NB1: Bridges can combine not just end-nodes, but also sub-segments. I.e., one can connect a bridge to a bridge, for instance, doubling the max segment size.
NB2: Bridges perform their function transparently. From the network participants' standpoint, bridges don't exist. Nodes just send frames to each other. The task of the bridge is to learn which node is reachable from which port and forward the frames accordingly.
Switch != Bridge
This finding reassured me for a moment, so I felt brave enough to use the "bridge aka switch" statement in my recent write-up on low-level networking fundamentals. I was very lucky the day I published it, so the article got quite some attention and feedback.

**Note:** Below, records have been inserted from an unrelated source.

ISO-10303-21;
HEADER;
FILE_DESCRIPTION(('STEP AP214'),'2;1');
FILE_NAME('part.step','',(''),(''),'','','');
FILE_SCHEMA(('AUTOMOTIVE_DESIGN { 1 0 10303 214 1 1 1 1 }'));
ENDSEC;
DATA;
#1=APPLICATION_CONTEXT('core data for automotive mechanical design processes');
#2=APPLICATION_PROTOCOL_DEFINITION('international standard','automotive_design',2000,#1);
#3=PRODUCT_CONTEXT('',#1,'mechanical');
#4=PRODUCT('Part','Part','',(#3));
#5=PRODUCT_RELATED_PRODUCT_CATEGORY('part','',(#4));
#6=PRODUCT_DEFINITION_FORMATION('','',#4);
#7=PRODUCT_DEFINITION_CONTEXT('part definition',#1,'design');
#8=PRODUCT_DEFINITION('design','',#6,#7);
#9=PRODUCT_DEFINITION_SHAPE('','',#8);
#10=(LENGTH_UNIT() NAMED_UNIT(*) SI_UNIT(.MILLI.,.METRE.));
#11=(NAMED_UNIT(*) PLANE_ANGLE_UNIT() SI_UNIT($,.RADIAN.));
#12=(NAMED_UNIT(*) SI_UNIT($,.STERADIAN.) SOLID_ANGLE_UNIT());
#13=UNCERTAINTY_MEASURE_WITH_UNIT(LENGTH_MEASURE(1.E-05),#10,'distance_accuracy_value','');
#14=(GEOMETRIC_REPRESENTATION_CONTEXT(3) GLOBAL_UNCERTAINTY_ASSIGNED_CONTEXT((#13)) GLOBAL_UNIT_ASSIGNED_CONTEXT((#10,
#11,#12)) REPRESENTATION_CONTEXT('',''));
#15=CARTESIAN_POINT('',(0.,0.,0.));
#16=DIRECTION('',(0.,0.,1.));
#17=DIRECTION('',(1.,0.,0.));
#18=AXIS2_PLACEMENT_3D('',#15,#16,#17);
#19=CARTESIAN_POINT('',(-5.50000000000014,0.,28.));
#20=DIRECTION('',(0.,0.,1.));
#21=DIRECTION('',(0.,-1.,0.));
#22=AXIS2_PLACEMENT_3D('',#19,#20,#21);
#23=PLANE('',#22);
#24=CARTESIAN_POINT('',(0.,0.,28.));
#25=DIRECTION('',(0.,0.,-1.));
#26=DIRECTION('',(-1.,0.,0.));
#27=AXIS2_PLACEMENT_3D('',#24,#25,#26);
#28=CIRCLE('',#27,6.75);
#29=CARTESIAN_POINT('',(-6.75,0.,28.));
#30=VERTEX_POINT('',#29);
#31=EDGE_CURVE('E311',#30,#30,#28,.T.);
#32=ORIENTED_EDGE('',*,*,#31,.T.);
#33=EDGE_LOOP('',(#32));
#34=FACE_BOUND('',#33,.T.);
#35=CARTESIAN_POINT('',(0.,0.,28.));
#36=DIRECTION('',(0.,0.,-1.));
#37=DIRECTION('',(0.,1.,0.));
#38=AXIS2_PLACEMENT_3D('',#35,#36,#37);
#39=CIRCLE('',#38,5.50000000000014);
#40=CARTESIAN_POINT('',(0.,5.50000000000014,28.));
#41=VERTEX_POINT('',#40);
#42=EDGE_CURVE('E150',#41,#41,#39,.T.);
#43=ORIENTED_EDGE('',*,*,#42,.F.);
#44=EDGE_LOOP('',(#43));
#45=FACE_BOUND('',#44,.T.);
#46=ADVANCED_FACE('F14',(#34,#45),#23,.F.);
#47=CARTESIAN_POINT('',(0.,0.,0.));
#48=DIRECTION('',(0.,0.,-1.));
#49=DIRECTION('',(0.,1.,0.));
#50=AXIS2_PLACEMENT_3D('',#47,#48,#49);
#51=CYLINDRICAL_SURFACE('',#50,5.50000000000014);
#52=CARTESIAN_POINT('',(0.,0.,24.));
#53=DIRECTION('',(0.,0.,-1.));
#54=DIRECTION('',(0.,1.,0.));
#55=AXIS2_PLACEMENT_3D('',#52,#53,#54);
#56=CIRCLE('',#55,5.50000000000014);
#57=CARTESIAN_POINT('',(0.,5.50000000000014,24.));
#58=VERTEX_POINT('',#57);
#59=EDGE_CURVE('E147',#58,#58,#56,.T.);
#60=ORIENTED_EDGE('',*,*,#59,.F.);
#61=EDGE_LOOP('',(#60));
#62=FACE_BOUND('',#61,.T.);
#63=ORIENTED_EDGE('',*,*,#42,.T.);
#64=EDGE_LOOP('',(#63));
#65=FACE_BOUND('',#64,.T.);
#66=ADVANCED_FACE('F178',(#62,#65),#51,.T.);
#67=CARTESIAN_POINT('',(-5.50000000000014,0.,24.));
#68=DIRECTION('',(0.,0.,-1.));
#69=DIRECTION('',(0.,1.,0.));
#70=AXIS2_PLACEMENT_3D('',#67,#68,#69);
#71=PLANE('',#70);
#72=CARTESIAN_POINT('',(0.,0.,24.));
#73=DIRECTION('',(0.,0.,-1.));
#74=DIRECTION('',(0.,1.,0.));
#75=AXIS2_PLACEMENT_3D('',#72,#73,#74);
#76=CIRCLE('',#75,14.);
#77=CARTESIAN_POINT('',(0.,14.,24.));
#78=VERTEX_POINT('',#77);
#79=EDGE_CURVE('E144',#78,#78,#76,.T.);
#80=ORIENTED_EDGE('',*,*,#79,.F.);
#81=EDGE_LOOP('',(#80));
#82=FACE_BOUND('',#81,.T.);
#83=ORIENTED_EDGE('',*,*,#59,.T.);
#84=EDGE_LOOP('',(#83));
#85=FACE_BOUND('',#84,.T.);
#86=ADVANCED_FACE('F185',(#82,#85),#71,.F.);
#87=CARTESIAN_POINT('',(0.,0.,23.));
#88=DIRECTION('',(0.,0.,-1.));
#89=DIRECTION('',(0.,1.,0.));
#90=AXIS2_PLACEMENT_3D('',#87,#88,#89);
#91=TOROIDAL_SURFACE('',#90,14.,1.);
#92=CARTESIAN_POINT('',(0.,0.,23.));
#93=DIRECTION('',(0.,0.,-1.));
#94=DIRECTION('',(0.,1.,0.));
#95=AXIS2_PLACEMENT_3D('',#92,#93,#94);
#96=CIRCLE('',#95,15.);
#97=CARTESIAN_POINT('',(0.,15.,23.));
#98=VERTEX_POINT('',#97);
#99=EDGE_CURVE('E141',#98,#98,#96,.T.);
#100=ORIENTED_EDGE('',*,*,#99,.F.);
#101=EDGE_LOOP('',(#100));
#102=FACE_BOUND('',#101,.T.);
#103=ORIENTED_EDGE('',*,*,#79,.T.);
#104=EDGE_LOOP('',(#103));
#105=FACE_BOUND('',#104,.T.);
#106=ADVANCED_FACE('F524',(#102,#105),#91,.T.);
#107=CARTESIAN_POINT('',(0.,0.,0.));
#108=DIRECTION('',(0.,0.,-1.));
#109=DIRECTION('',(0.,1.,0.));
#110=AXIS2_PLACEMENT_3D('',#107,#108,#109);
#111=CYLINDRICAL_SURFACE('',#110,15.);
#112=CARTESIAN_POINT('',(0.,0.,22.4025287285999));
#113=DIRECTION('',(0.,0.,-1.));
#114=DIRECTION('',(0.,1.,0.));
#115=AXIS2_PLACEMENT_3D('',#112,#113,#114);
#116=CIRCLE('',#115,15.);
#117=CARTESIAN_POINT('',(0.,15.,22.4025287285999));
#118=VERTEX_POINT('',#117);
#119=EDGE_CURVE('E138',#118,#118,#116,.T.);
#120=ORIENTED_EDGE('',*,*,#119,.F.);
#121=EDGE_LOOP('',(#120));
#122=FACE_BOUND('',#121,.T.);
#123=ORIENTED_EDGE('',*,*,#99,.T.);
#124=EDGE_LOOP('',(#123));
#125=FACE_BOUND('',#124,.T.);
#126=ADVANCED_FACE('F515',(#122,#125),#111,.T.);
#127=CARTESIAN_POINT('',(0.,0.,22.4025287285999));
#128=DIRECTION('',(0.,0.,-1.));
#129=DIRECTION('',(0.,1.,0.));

And some of it was about my bridge-switch assumption. Apparently, not everyone was happy about it…
But you know why I absolutely love the Learning in Public idea? Because of the thing that happened next. A practicing Network Engineer reached out to me and kindly offered a virtual excursion into a data center. That sounded like an awesome opportunity for me to take a look at the true enterprise-grade network and ask some questions to a real networking guru.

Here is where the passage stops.